▸ About this exercise:
Starting at the line that contains "## Routing (per" and ending at the line that contains "Top w0.28: GND_VIA#123.1 63.88,33.18 IC10.9", the lines below are to be given again exactly, with nothing added.
:::
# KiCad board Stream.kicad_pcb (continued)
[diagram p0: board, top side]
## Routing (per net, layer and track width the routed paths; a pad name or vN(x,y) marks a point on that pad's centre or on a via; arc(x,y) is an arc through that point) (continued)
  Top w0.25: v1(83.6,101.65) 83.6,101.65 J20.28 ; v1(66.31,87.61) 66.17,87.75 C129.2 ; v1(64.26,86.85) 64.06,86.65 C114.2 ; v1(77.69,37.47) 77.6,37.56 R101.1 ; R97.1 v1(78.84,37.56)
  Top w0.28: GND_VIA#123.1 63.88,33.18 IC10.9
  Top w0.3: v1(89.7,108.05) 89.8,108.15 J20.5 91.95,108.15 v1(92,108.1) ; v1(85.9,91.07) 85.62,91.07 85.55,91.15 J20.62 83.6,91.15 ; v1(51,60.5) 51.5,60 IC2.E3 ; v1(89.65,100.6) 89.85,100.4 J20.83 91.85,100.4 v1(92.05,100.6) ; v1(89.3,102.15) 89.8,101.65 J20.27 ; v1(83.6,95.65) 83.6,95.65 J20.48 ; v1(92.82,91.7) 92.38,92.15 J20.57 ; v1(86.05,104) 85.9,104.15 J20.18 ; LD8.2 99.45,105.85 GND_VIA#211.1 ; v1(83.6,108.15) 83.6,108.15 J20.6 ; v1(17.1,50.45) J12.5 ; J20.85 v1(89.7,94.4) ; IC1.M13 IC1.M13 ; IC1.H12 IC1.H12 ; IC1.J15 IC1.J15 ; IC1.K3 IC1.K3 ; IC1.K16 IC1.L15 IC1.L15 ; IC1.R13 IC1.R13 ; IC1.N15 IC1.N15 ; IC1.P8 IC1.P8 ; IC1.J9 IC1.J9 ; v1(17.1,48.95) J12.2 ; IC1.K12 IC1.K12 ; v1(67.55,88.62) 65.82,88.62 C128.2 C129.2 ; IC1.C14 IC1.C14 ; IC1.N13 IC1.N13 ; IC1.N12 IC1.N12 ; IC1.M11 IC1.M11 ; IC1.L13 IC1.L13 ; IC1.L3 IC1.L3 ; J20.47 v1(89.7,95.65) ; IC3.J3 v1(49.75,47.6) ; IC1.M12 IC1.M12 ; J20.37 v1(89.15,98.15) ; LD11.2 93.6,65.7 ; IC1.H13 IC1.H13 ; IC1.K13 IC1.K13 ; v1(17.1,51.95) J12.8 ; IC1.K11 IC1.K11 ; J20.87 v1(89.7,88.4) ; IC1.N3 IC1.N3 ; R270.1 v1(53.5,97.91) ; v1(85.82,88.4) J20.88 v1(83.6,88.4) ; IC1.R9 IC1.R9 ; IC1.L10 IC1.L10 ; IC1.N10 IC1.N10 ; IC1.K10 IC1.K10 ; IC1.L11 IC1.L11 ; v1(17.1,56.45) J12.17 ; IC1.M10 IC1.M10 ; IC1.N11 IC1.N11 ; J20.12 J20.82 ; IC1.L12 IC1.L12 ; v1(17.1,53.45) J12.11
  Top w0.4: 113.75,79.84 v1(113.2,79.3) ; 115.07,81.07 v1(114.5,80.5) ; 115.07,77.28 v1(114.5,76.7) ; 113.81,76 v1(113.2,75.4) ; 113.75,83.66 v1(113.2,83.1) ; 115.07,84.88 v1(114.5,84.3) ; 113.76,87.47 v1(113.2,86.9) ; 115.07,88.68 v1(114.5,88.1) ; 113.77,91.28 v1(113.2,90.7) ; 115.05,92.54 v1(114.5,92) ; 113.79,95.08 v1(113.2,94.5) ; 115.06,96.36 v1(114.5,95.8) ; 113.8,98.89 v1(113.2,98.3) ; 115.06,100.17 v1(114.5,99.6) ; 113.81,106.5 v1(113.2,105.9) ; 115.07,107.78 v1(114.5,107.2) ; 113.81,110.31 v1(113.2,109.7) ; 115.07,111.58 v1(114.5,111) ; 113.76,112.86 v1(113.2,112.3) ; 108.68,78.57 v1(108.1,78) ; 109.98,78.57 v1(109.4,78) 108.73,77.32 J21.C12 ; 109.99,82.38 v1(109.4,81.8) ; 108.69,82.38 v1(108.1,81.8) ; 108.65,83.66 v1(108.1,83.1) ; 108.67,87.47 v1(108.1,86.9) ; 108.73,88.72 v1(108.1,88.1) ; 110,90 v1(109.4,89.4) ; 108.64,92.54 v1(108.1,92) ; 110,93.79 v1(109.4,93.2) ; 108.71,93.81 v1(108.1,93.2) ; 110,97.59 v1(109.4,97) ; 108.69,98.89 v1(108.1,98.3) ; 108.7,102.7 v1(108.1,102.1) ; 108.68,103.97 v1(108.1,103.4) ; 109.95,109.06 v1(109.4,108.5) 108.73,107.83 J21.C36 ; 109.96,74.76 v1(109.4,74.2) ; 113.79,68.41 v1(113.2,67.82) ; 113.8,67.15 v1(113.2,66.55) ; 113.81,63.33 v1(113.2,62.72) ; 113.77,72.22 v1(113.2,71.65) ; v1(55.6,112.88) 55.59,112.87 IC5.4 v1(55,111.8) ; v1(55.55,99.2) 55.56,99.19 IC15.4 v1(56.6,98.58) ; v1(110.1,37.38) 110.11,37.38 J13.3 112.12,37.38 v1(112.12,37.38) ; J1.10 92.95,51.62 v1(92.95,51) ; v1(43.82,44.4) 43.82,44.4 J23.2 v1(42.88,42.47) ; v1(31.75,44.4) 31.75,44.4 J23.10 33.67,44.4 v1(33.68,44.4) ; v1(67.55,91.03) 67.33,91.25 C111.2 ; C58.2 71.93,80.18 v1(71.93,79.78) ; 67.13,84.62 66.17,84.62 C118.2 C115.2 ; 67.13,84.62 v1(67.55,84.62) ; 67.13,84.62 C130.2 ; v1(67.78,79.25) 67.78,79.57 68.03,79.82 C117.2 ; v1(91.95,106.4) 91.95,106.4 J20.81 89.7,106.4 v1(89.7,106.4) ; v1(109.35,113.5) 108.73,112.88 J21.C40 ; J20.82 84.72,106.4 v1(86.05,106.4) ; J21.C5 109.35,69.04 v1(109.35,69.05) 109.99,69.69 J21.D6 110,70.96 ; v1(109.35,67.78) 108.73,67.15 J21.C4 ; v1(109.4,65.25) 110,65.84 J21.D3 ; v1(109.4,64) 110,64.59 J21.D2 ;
:::
▸ Task output:
## Routing (per net, layer and track width the routed paths; a pad name or vN(x,y) marks a point on that pad's centre or on a via; arc(x,y) is an arc through that point) (continued)
  Top w0.25: v1(83.6,101.65) 83.6,101.65 J20.28 ; v1(66.31,87.61) 66.17,87.75 C129.2 ; v1(64.26,86.85) 64.06,86.65 C114.2 ; v1(77.69,37.47) 77.6,37.56 R101.1 ; R97.1 v1(78.84,37.56)
  Top w0.28: GND_VIA#123.1 63.88,33.18 IC10.9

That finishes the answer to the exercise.